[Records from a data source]
*** Begin section ***

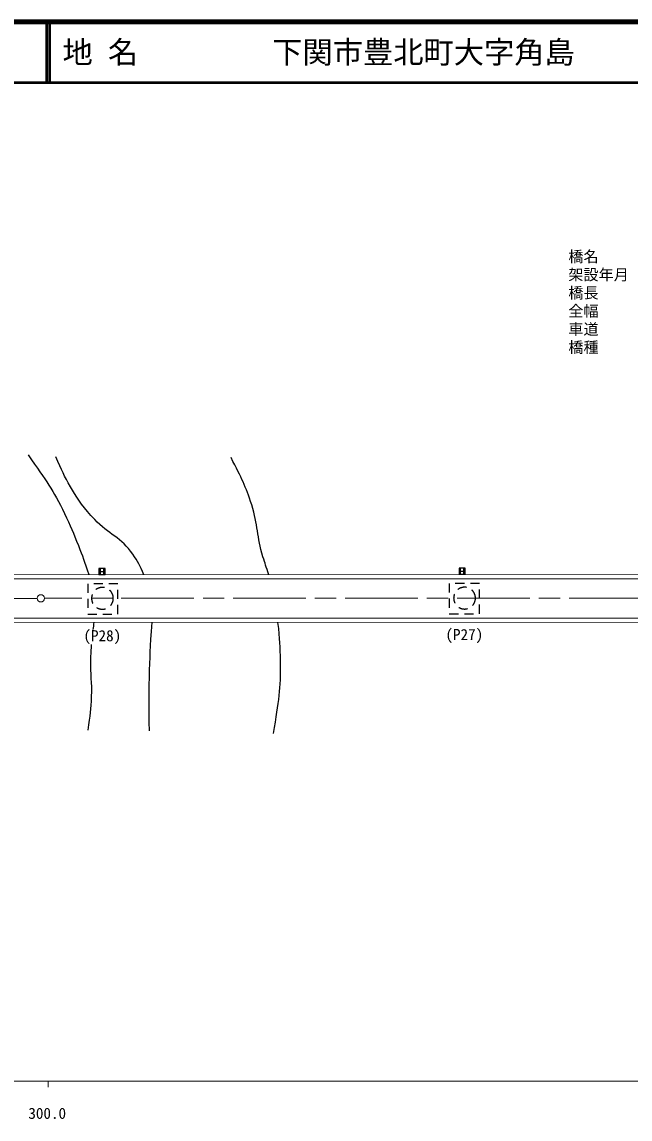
# Model space of a CAD drawing. Units: millimetres, scale not verified. Extents: x 40000 to 680000, y 20000 to 380000.
# Drawn here: x 363671 to 464156, y 198715 to 380000 of the extents above; entities that cross this region are included whole.
import ezdxf
from ezdxf.enums import TextEntityAlignment as Align

# ---------------------------------------------------------------- set-up
doc = ezdxf.new("R2010")
doc.units = ezdxf.units.MM
doc.header["$LTSCALE"] = 1000
doc.linetypes.add('CHAIN', pattern=[18.5, 12, -1.5, 3.5, -1.5])
for name, color, linetype, lineweight in [('M-BGD', 7, 'Continuous', 25), ('M-BMK', 2, 'CHAIN', 13), ('M-BMK-SRVR', 3, 'Continuous', 13), ('M-STR-STR1', 1, 'Continuous', 13), ('M-TTL', 2, 'Continuous', 140), ('M-TTL-BAND', 7, 'Continuous', 13), ('M-TTL-LINE', 7, 'Continuous', 50), ('M-TTL-TXT', 7, 'Continuous', 13)]:
    doc.layers.add(name, color=color, linetype=linetype, lineweight=lineweight)
doc.styles.add('ＭＳ ゴシック', font='')
doc.styles.get('ＭＳ ゴシック').set_extended_font_data('MS Gothic')

msp = doc.modelspace()

# ---------------------------------------------------------------- linework, layer by layer
at = {"layer": 'M-BGD'}
for p, q in [((377400, 289707), (376400, 289707)), ((376400, 289707), (376400, 288707)), ((376400, 288707), (377400, 288707)), ((376670, 288749), (376670, 289599)), ((376670, 289207), (377165, 289207)), ((377165, 289605), (377165, 288752)), ((377400, 288707), (377400, 289707)), ((436894, 289735), (435894, 289735)), ((435894, 289735), (435894, 288735)), ((435894, 288735), (436894, 288735)), ((436164, 288778), (436164, 289627)), ((436164, 289235), (436660, 289235)), ((436660, 289633), (436660, 288780)), ((436894, 288735), (436894, 289735)), ((374542, 287164), (374542, 285664)), ((377042, 287164), (375542, 287164)), ((376318, 286441), (376289, 286429)), ((376347, 286452), (376318, 286441)), ((376377, 286462), (376347, 286452)), ((376407, 286473), (376377, 286462)), ((376437, 286482), (376407, 286473)), ((376467, 286491), (376437, 286482)), ((376497, 286500), (376467, 286491)), ((376528, 286508), (376497, 286500)), ((376558, 286515), (376528, 286508)), ((376589, 286522), (376558, 286515)), ((376620, 286529), (376589, 286522)), ((376651, 286535), (376620, 286529)), ((376682, 286540), (376651, 286535)), ((376713, 286545), (376682, 286540)), ((376744, 286549), (376713, 286545)), ((376776, 286553), (376744, 286549)), ((376807, 286556), (376776, 286553)), ((376838, 286559), (376807, 286556)), ((376870, 286561), (376838, 286559)), ((376901, 286562), (376870, 286561)), ((376933, 286563), (376901, 286562)), ((376964, 286564), (376933, 286563)), ((376996, 286563), (376964, 286564)), ((377027, 286563), (376996, 286563)), ((377059, 286561), (377027, 286563)), ((377090, 286560), (377059, 286561)), ((377121, 286557), (377090, 286560)), ((377153, 286554), (377121, 286557)), ((377184, 286551), (377153, 286554)), ((377215, 286547), (377184, 286551)), ((377247, 286543), (377215, 286547)), ((377278, 286537), (377247, 286543)), ((377298, 286534), (377278, 286537)), ((379542, 287164), (378042, 287164)), ((434281, 287212), (434281, 285712)), ((436781, 287212), (435281, 287212)), ((436068, 286433), (436039, 286420)), ((436096, 286446), (436068, 286433)), ((436126, 286458), (436096, 286446)), ((436155, 286470), (436126, 286458)), ((436184, 286481), (436155, 286470)), ((436214, 286491), (436184, 286481)), ((436244, 286502), (436214, 286491)), ((436274, 286511), (436244, 286502)), ((436304, 286520), (436274, 286511)), ((436334, 286529), (436304, 286520)), ((436365, 286537), (436334, 286529)), ((436395, 286544), (436365, 286537)), ((436426, 286551), (436395, 286544)), ((436457, 286558), (436426, 286551)), ((436488, 286564), (436457, 286558)), ((436519, 286569), (436488, 286564)), ((436550, 286574), (436519, 286569)), ((436581, 286578), (436550, 286574)), ((436612, 286582), (436581, 286578)), ((436644, 286585), (436612, 286582)), ((436675, 286588), (436644, 286585)), ((436707, 286590), (436675, 286588)), ((436738, 286591), (436707, 286590)), ((436770, 286592), (436738, 286591)), ((436801, 286593), (436770, 286592)), ((436833, 286592), (436801, 286593)), ((436864, 286592), (436833, 286592)), ((436896, 286591), (436864, 286592)), ((436927, 286589), (436896, 286591)), ((436958, 286586), (436927, 286589)), ((436990, 286584), (436958, 286586)), ((437021, 286580), (436990, 286584)), ((437052, 286576), (437021, 286580)), ((437083, 286572), (437052, 286576)), ((437115, 286566), (437083, 286572)), ((437134, 286563), (437115, 286566)), ((439281, 287212), (437781, 287212)), ((374542, 284664), (374542, 283164)), ((375173, 284811), (375172, 284779)), ((375172, 284779), (375172, 284748)), ((375172, 284748), (375173, 284716)), ((375174, 284842), (375173, 284811)), ((375173, 284716), (375174, 284685)), ((375175, 284874), (375174, 284842)), ((375174, 284685), (375175, 284653)), ((375178, 284905), (375175, 284874)), ((375175, 284653), (375178, 284622)), ((375180, 284937), (375178, 284905)), ((375178, 284622), (375180, 284591)), ((375184, 284968), (375180, 284937)), ((375188, 284999), (375184, 284968)), ((375192, 285030), (375188, 284999)), ((375197, 285061), (375192, 285030)), ((375202, 285092), (375197, 285061)), ((375208, 285123), (375202, 285092)), ((375215, 285154), (375208, 285123)), ((375222, 285185), (375215, 285154)), ((375230, 285215), (375222, 285185)), ((375238, 285246), (375230, 285215)), ((375247, 285276), (375238, 285246)), ((375256, 285306), (375247, 285276)), ((375266, 285336), (375256, 285306)), ((375276, 285366), (375266, 285336)), ((375287, 285396), (375276, 285366)), ((375290, 285404), (375287, 285396)), ((375905, 286213), (375881, 286195)), ((375931, 286232), (375905, 286213)), ((375957, 286250), (375931, 286232)), ((375983, 286267), (375957, 286250)), ((376009, 286284), (375983, 286267)), ((376036, 286301), (376009, 286284)), ((376063, 286317), (376036, 286301)), ((376090, 286333), (376063, 286317)), ((376118, 286348), (376090, 286333)), ((376146, 286363), (376118, 286348)), ((376174, 286377), (376146, 286363)), ((376202, 286391), (376174, 286377)), ((376231, 286404), (376202, 286391)), ((376260, 286417), (376231, 286404)), ((376289, 286429), (376260, 286417)), ((378197, 286083), (378182, 286096)), ((378220, 286061), (378197, 286083)), ((378242, 286039), (378220, 286061)), ((378264, 286017), (378242, 286039)), ((378286, 285994), (378264, 286017)), ((378307, 285971), (378286, 285994)), ((378328, 285947), (378307, 285971)), ((378349, 285923), (378328, 285947)), ((378369, 285899), (378349, 285923)), ((378388, 285874), (378369, 285899)), ((378408, 285849), (378388, 285874)), ((378426, 285824), (378408, 285849)), ((378445, 285799), (378426, 285824)), ((378463, 285773), (378445, 285799)), ((378480, 285746), (378463, 285773)), ((378497, 285720), (378480, 285746)), ((378514, 285693), (378497, 285720)), ((378530, 285666), (378514, 285693)), ((378545, 285638), (378530, 285666)), ((378560, 285611), (378545, 285638)), ((378575, 285583), (378560, 285611)), ((378589, 285555), (378575, 285583)), ((378602, 285526), (378589, 285555)), ((378616, 285498), (378602, 285526)), ((378628, 285469), (378616, 285498)), ((378640, 285440), (378628, 285469)), ((378652, 285410), (378640, 285440)), ((378663, 285381), (378652, 285410)), ((378673, 285351), (378663, 285381)), ((378683, 285321), (378673, 285351)), ((378693, 285291), (378683, 285321)), ((378702, 285261), (378693, 285291)), ((378710, 285231), (378702, 285261)), ((378718, 285200), (378710, 285231)), ((378726, 285170), (378718, 285200)), ((378732, 285139), (378726, 285170)), ((378739, 285108), (378732, 285139)), ((378745, 285077), (378739, 285108)), ((378750, 285046), (378745, 285077)), ((378754, 285015), (378750, 285046)), ((378759, 284984), (378754, 285015)), ((378762, 284952), (378759, 284984)), ((378765, 284921), (378762, 284952)), ((378768, 284889), (378765, 284921)), ((378765, 284606), (378768, 284638)), ((378770, 284858), (378768, 284889)), ((378768, 284638), (378770, 284669)), ((378771, 284827), (378770, 284858)), ((378770, 284669), (378771, 284701)), ((378772, 284795), (378771, 284827)), ((378771, 284701), (378772, 284732)), ((378772, 284764), (378772, 284795)), ((378772, 284732), (378772, 284764)), ((379542, 284664), (379542, 286164)), ((434281, 284712), (434281, 283212)), ((435010, 284840), (435009, 284808)), ((435009, 284808), (435009, 284777)), ((435009, 284777), (435010, 284745)), ((435011, 284871), (435010, 284840)), ((435010, 284745), (435011, 284714)), ((435012, 284903), (435011, 284871)), ((435011, 284714), (435012, 284682)), ((435014, 284934), (435012, 284903)), ((435012, 284682), (435014, 284651)), ((435017, 284966), (435014, 284934)), ((435014, 284651), (435017, 284620)), ((435021, 284997), (435017, 284966)), ((435017, 284620), (435021, 284588)), ((435024, 285028), (435021, 284997)), ((435029, 285059), (435024, 285028)), ((435034, 285091), (435029, 285059)), ((435039, 285122), (435034, 285091)), ((435045, 285152), (435039, 285122)), ((435052, 285183), (435045, 285152)), ((435059, 285214), (435052, 285183)), ((435067, 285245), (435059, 285214)), ((435075, 285275), (435067, 285245)), ((435083, 285305), (435075, 285275)), ((435093, 285335), (435083, 285305)), ((435102, 285365), (435093, 285335)), ((435113, 285395), (435102, 285365)), ((435124, 285425), (435113, 285395)), ((435127, 285433), (435124, 285425)), ((435742, 286242), (435717, 286224)), ((435768, 286261), (435742, 286242)), ((435793, 286279), (435768, 286261)), ((435820, 286296), (435793, 286279)), ((435846, 286313), (435820, 286296)), ((435873, 286330), (435846, 286313)), ((435900, 286346), (435873, 286330)), ((435927, 286362), (435900, 286346)), ((435955, 286377), (435927, 286362)), ((435983, 286392), (435955, 286377)), ((436011, 286406), (435983, 286392)), ((436039, 286420), (436011, 286406)), ((438033, 286112), (438019, 286125)), ((438056, 286090), (438033, 286112)), ((438079, 286068), (438056, 286090)), ((438101, 286046), (438079, 286068)), ((438123, 286023), (438101, 286046)), ((438144, 286000), (438123, 286023)), ((438165, 285976), (438144, 286000)), ((438186, 285952), (438165, 285976)), ((438206, 285928), (438186, 285952)), ((438225, 285903), (438206, 285928)), ((438244, 285878), (438225, 285903)), ((438263, 285853), (438244, 285878)), ((438282, 285828), (438263, 285853)), ((438300, 285802), (438282, 285828)), ((438317, 285775), (438300, 285802)), ((438334, 285749), (438317, 285775)), ((438350, 285722), (438334, 285749)), ((438366, 285695), (438350, 285722)), ((438382, 285667), (438366, 285695)), ((438397, 285640), (438382, 285667)), ((438412, 285612), (438397, 285640)), ((438426, 285584), (438412, 285612)), ((438439, 285555), (438426, 285584)), ((438452, 285527), (438439, 285555)), ((438465, 285498), (438452, 285527)), ((438477, 285469), (438465, 285498)), ((438489, 285439), (438477, 285469)), ((438500, 285410), (438489, 285439)), ((438510, 285380), (438500, 285410)), ((438520, 285350), (438510, 285380)), ((438530, 285320), (438520, 285350)), ((438539, 285290), (438530, 285320)), ((438547, 285260), (438539, 285290)), ((438555, 285229), (438547, 285260)), ((438563, 285199), (438555, 285229)), ((438569, 285168), (438563, 285199)), ((438576, 285137), (438569, 285168)), ((438581, 285106), (438576, 285137)), ((438587, 285075), (438581, 285106)), ((438591, 285044), (438587, 285075)), ((438595, 285013), (438591, 285044)), ((438599, 284981), (438595, 285013)), ((438602, 284950), (438599, 284981)), ((438599, 284604), (438602, 284635)), ((438604, 284919), (438602, 284950)), ((438602, 284635), (438604, 284667)), ((438606, 284887), (438604, 284919)), ((438604, 284667), (438606, 284698)), ((438608, 284856), (438606, 284887)), ((438606, 284698), (438608, 284730)), ((438609, 284824), (438608, 284856)), ((438608, 284730), (438609, 284761)), ((438609, 284793), (438609, 284824)), ((438609, 284761), (438609, 284793)), ((439281, 284712), (439281, 286212)), ((375180, 284591), (375184, 284559)), ((375184, 284559), (375188, 284528)), ((375188, 284528), (375192, 284497)), ((375192, 284497), (375197, 284466)), ((375197, 284466), (375202, 284435)), ((375202, 284435), (375208, 284404)), ((375208, 284404), (375215, 284373)), ((375215, 284373), (375222, 284342)), ((375222, 284342), (375230, 284312)), ((375230, 284312), (375238, 284281)), ((375238, 284281), (375247, 284251)), ((375247, 284251), (375256, 284221)), ((375256, 284221), (375266, 284191)), ((375266, 284191), (375276, 284161)), ((375276, 284161), (375287, 284132)), ((375287, 284132), (375298, 284102)), ((375298, 284102), (375310, 284073)), ((375310, 284073), (375322, 284044)), ((375322, 284044), (375335, 284015)), ((375335, 284015), (375348, 283987)), ((375348, 283987), (375362, 283958)), ((375362, 283958), (375367, 283949)), ((376038, 283225), (376063, 283210)), ((376063, 283210), (376090, 283194)), ((376090, 283194), (376118, 283179)), ((376118, 283179), (376146, 283164)), ((376146, 283164), (376174, 283150)), ((376174, 283150), (376202, 283136)), ((376202, 283136), (376231, 283123)), ((376231, 283123), (376260, 283111)), ((376260, 283111), (376289, 283098)), ((376289, 283098), (376318, 283087)), ((376318, 283087), (376347, 283075)), ((376347, 283075), (376377, 283065)), ((376377, 283065), (376407, 283055)), ((376407, 283055), (376437, 283045)), ((376437, 283045), (376467, 283036)), ((376467, 283036), (376497, 283027)), ((376497, 283027), (376528, 283019)), ((376528, 283019), (376558, 283012)), ((376558, 283012), (376589, 283005)), ((376589, 283005), (376620, 282998)), ((376620, 282998), (376651, 282992)), ((376651, 282992), (376682, 282987)), ((376682, 282987), (376713, 282982)), ((376713, 282982), (376744, 282978)), ((376744, 282978), (376776, 282974)), ((376776, 282974), (376807, 282971)), ((376807, 282971), (376838, 282969)), ((376838, 282969), (376870, 282966)), ((376870, 282966), (376901, 282965)), ((376901, 282965), (376933, 282964)), ((376933, 282964), (376964, 282964)), ((376964, 282964), (376996, 282964)), ((376996, 282964), (377027, 282964)), ((377027, 282964), (377059, 282966)), ((377059, 282966), (377090, 282967)), ((377090, 282967), (377121, 282970)), ((377121, 282970), (377153, 282973)), ((377153, 282973), (377184, 282976)), ((377184, 282976), (377215, 282980)), ((377215, 282980), (377247, 282985)), ((377247, 282985), (377278, 282990)), ((377278, 282990), (377309, 282995)), ((377309, 282995), (377340, 283001)), ((377340, 283001), (377370, 283008)), ((377370, 283008), (377401, 283015)), ((377401, 283015), (377432, 283023)), ((377432, 283023), (377462, 283032)), ((377462, 283032), (377483, 283038)), ((378316, 283567), (378328, 283580)), ((378328, 283580), (378349, 283604)), ((378349, 283604), (378369, 283628)), ((378369, 283628), (378388, 283653)), ((378388, 283653), (378408, 283678)), ((378408, 283678), (378426, 283703)), ((378426, 283703), (378445, 283729)), ((378445, 283729), (378463, 283755)), ((378463, 283755), (378480, 283781)), ((378480, 283781), (378497, 283807)), ((378497, 283807), (378514, 283834)), ((378514, 283834), (378530, 283861)), ((378530, 283861), (378545, 283889)), ((378545, 283889), (378560, 283916)), ((378560, 283916), (378575, 283944)), ((378575, 283944), (378589, 283972)), ((378589, 283972), (378602, 284001)), ((378602, 284001), (378616, 284030)), ((378616, 284030), (378628, 284058)), ((378628, 284058), (378640, 284087)), ((378640, 284087), (378652, 284117)), ((378652, 284117), (378663, 284146)), ((378663, 284146), (378673, 284176)), ((378673, 284176), (378683, 284206)), ((378683, 284206), (378693, 284236)), ((378693, 284236), (378702, 284266)), ((378702, 284266), (378710, 284296)), ((378710, 284296), (378718, 284327)), ((378718, 284327), (378726, 284358)), ((378726, 284358), (378732, 284388)), ((378732, 284388), (378739, 284419)), ((378739, 284419), (378745, 284450)), ((378745, 284450), (378750, 284481)), ((378750, 284481), (378754, 284512)), ((378754, 284512), (378759, 284544)), ((378759, 284544), (378762, 284575)), ((378762, 284575), (378765, 284606)), ((379542, 282164), (379542, 283664)), ((435021, 284588), (435024, 284557)), ((435024, 284557), (435029, 284526)), ((435029, 284526), (435034, 284495)), ((435034, 284495), (435039, 284464)), ((435039, 284464), (435045, 284433)), ((435045, 284433), (435052, 284402)), ((435052, 284402), (435059, 284371)), ((435059, 284371), (435067, 284341)), ((435067, 284341), (435075, 284310)), ((435075, 284310), (435083, 284280)), ((435083, 284280), (435093, 284250)), ((435093, 284250), (435102, 284220)), ((435102, 284220), (435113, 284190)), ((435113, 284190), (435124, 284161)), ((435124, 284161), (435135, 284131)), ((435135, 284131), (435147, 284102)), ((435147, 284102), (435159, 284073)), ((435159, 284073), (435172, 284044)), ((435172, 284044), (435185, 284016)), ((435185, 284016), (435199, 283987)), ((435199, 283987), (435204, 283978)), ((435875, 283254), (435900, 283239)), ((435900, 283239), (435927, 283223)), ((435927, 283223), (435955, 283208)), ((435955, 283208), (435983, 283193)), ((435983, 283193), (436011, 283179)), ((436011, 283179), (436039, 283166)), ((436039, 283166), (436068, 283152)), ((436068, 283152), (436096, 283140)), ((436096, 283140), (436126, 283127)), ((436126, 283127), (436155, 283116)), ((436155, 283116), (436184, 283104)), ((436184, 283104), (436214, 283094)), ((436214, 283094), (436244, 283084)), ((436244, 283084), (436274, 283074)), ((436274, 283074), (436304, 283065)), ((436304, 283065), (436334, 283056)), ((436334, 283056), (436365, 283048)), ((436365, 283048), (436395, 283041)), ((436395, 283041), (436426, 283034)), ((436426, 283034), (436457, 283027)), ((436457, 283027), (436488, 283022)), ((436488, 283022), (436519, 283016)), ((436519, 283016), (436550, 283011)), ((436550, 283011), (436581, 283007)), ((436581, 283007), (436612, 283003)), ((436612, 283003), (436644, 283000)), ((436644, 283000), (436675, 282998)), ((436675, 282998), (436707, 282996)), ((436707, 282996), (436738, 282994)), ((436738, 282994), (436770, 282993)), ((436770, 282993), (436801, 282993)), ((436801, 282993), (436833, 282993)), ((436833, 282993), (436864, 282993)), ((436864, 282993), (436896, 282995)), ((436896, 282995), (436927, 282996)), ((436927, 282996), (436958, 282999)), ((436958, 282999), (436990, 283002)), ((436990, 283002), (437021, 283005)), ((437021, 283005), (437052, 283009)), ((437052, 283009), (437083, 283014)), ((437083, 283014), (437115, 283019)), ((437115, 283019), (437146, 283024)), ((437146, 283024), (437176, 283031)), ((437176, 283031), (437207, 283037)), ((437207, 283037), (437238, 283044)), ((437238, 283044), (437268, 283052)), ((437268, 283052), (437299, 283061)), ((437299, 283061), (437320, 283067)), ((438153, 283596), (438165, 283609)), ((438165, 283609), (438186, 283633)), ((438186, 283633), (438206, 283657)), ((438206, 283657), (438225, 283682)), ((438225, 283682), (438244, 283707)), ((438244, 283707), (438263, 283732)), ((438263, 283732), (438282, 283758)), ((438282, 283758), (438300, 283784)), ((438300, 283784), (438317, 283810)), ((438317, 283810), (438334, 283836)), ((438334, 283836), (438350, 283863)), ((438350, 283863), (438366, 283890)), ((438366, 283890), (438382, 283918)), ((438382, 283918), (438397, 283945)), ((438397, 283945), (438412, 283973)), ((438412, 283973), (438426, 284002)), ((438426, 284002), (438439, 284030)), ((438439, 284030), (438452, 284059)), ((438452, 284059), (438465, 284087)), ((438465, 284087), (438477, 284117)), ((438477, 284117), (438489, 284146)), ((438489, 284146), (438500, 284175)), ((438500, 284175), (438510, 284205)), ((438510, 284205), (438520, 284235)), ((438520, 284235), (438530, 284265)), ((438530, 284265), (438539, 284295)), ((438539, 284295), (438547, 284325)), ((438547, 284325), (438555, 284356)), ((438555, 284356), (438563, 284387)), ((438563, 284387), (438569, 284417)), ((438569, 284417), (438576, 284448)), ((438576, 284448), (438581, 284479)), ((438581, 284479), (438587, 284510)), ((438587, 284510), (438591, 284541)), ((438591, 284541), (438595, 284573)), ((438595, 284573), (438599, 284604)), ((439281, 282212), (439281, 283712)), ((374542, 282164), (376042, 282164)), ((377042, 282164), (378542, 282164)), ((434281, 282212), (435781, 282212)), ((436781, 282212), (438281, 282212))]:
    msp.add_line(p, q, dxfattribs=at)
for points, knots in [([(364725, 308452), (367723, 304066), (368783, 302769), (370712, 298759), (371685, 296736), (372178, 295576), (372992, 293485), (373717, 291625), (373936, 290986), (374703, 288670)], [0, 0, 0, 0, 1, 1, 1, 2, 2, 2, 3, 3, 3, 3]), ([(383825, 288668), (383168, 290245), (382806, 290801), (381973, 292060), (380144, 294820), (377950, 295332), (375701, 297761), (373916, 299690), (373036, 300909), (371710, 303178), (370616, 305048), (370268, 305805), (369286, 308167)], [0, 0, 0, 0, 1, 1, 1, 2, 2, 2, 3, 3, 3, 4, 4, 4, 4]), ([(404494, 288663), (403975, 290044), (403859, 290464), (403496, 291632), (402484, 294897), (402700, 296934), (401643, 300184), (400610, 303362), (400017, 304531), (398222, 308024)], [0, 0, 0, 0, 1, 1, 1, 2, 2, 2, 3, 3, 3, 3]), ([(385109, 280793), (384837, 276417), (384762, 275240), (384681, 271676), (384602, 268225), (384617, 267084), (384681, 262839)], [0, 0, 0, 0, 1, 1, 1, 2, 2, 2, 2]), ([(405920, 280789), (406271, 277831), (406298, 276891), (406347, 274384), (406440, 269687), (406022, 267932), (405207, 262411)], [0, 0, 0, 0, 1, 1, 1, 2, 2, 2, 2]), ([(375128, 277120), (375062, 276356), (375021, 275589), (374988, 274527), (374916, 272189), (375231, 270877), (375131, 268540), (375037, 266360), (374933, 265575), (374560, 262981)], [0, 0, 0, 0, 1, 1, 1, 2, 2, 2, 3, 3, 3, 3])]:
    msp.add_open_spline(points, degree=3, knots=knots, dxfattribs=at)
msp.add_open_spline([(375558, 280795), (375503, 280363), (375453, 279975), (375408, 279620)], degree=3, dxfattribs=at)
at = {"layer": 'M-BMK'}
for p, q in [((366199, 284758), (267506, 284710)), ((466093, 284807), (367399, 284759))]:
    msp.add_line(p, q, dxfattribs=at)
at = {"layer": 'M-BMK-SRVR'}
msp.add_circle((366799, 284759), 600, dxfattribs=at)
at = {"layer": 'M-STR-STR1'}
for p, q in [((310136, 288684), (566584, 288629)), ((309212, 288003), (566584, 287948)), ((309211, 281490), (566582, 281435)), ((309210, 280809), (566582, 280754))]:
    msp.add_line(p, q, dxfattribs=at)
at = {"layer": 'M-TTL'}
msp.add_line((680000, 380000), (40000, 380000), dxfattribs=at)
at = {"layer": 'M-TTL-BAND'}
for p, q in [((40000, 205000), (579000, 205000)), ((368000, 205000), (368000, 204000))]:
    msp.add_line(p, q, dxfattribs=at)
at = {"layer": 'M-TTL-LINE'}
for p, q in [((367750, 380000), (367750, 370000)), ((368250, 380000), (368250, 370000)), ((40000, 370000), (680000, 370000))]:
    msp.add_line(p, q, dxfattribs=at)

# ---------------------------------------------------------------- texts
at = {"layer": 'M-BGD', "style": 'ＭＳ ゴシック'}
for s, p in [('橋名', (453958, 339769)), ('架設年月', (453958, 336769)), ('橋長', (453958, 333769)), ('全幅', (453958, 330769)), ('車道', (453958, 327769)), ('橋種', (453958, 324769))]:
    msp.add_text(s, height=1833, dxfattribs=at).set_placement(p, align=Align.BOTTOM_LEFT)
for s, p in [('(P28)', (376952, 277120)), ('(P27)', (436769, 277310))]:
    msp.add_text(s, height=1833, dxfattribs=at).set_placement(p, align=Align.BOTTOM_CENTER)
at = {"layer": 'M-TTL-BAND', "style": 'ＭＳ ゴシック'}
msp.add_text('300.0', height=1833, dxfattribs=at).set_placement((367844, 198195), align=Align.BOTTOM_CENTER)
at = {"layer": 'M-TTL-TXT', "style": 'ＭＳ ゴシック'}
for s, p in [('地 名', (370380, 375000)), ('下関市豊北町大字角島', (405024, 375000))]:
    msp.add_text(s, height=3666, dxfattribs=at).set_placement(p, align=Align.MIDDLE_LEFT)

doc.saveas('drawing.dxf')

*** End section ***

◆ **Brief**: Look through the data above for the string "ゴシック" and copy every line where it appears.

◆ **Answer area**:
doc.styles.add('ＭＳ ゴシック', font='')
doc.styles.get('ＭＳ ゴシック').set_extended_font_data('MS Gothic')
at = {"layer": 'M-BGD', "style": 'ＭＳ ゴシック'}
at = {"layer": 'M-TTL-BAND', "style": 'ＭＳ ゴシック'}
at = {"layer": 'M-TTL-TXT', "style": 'ＭＳ ゴシック'}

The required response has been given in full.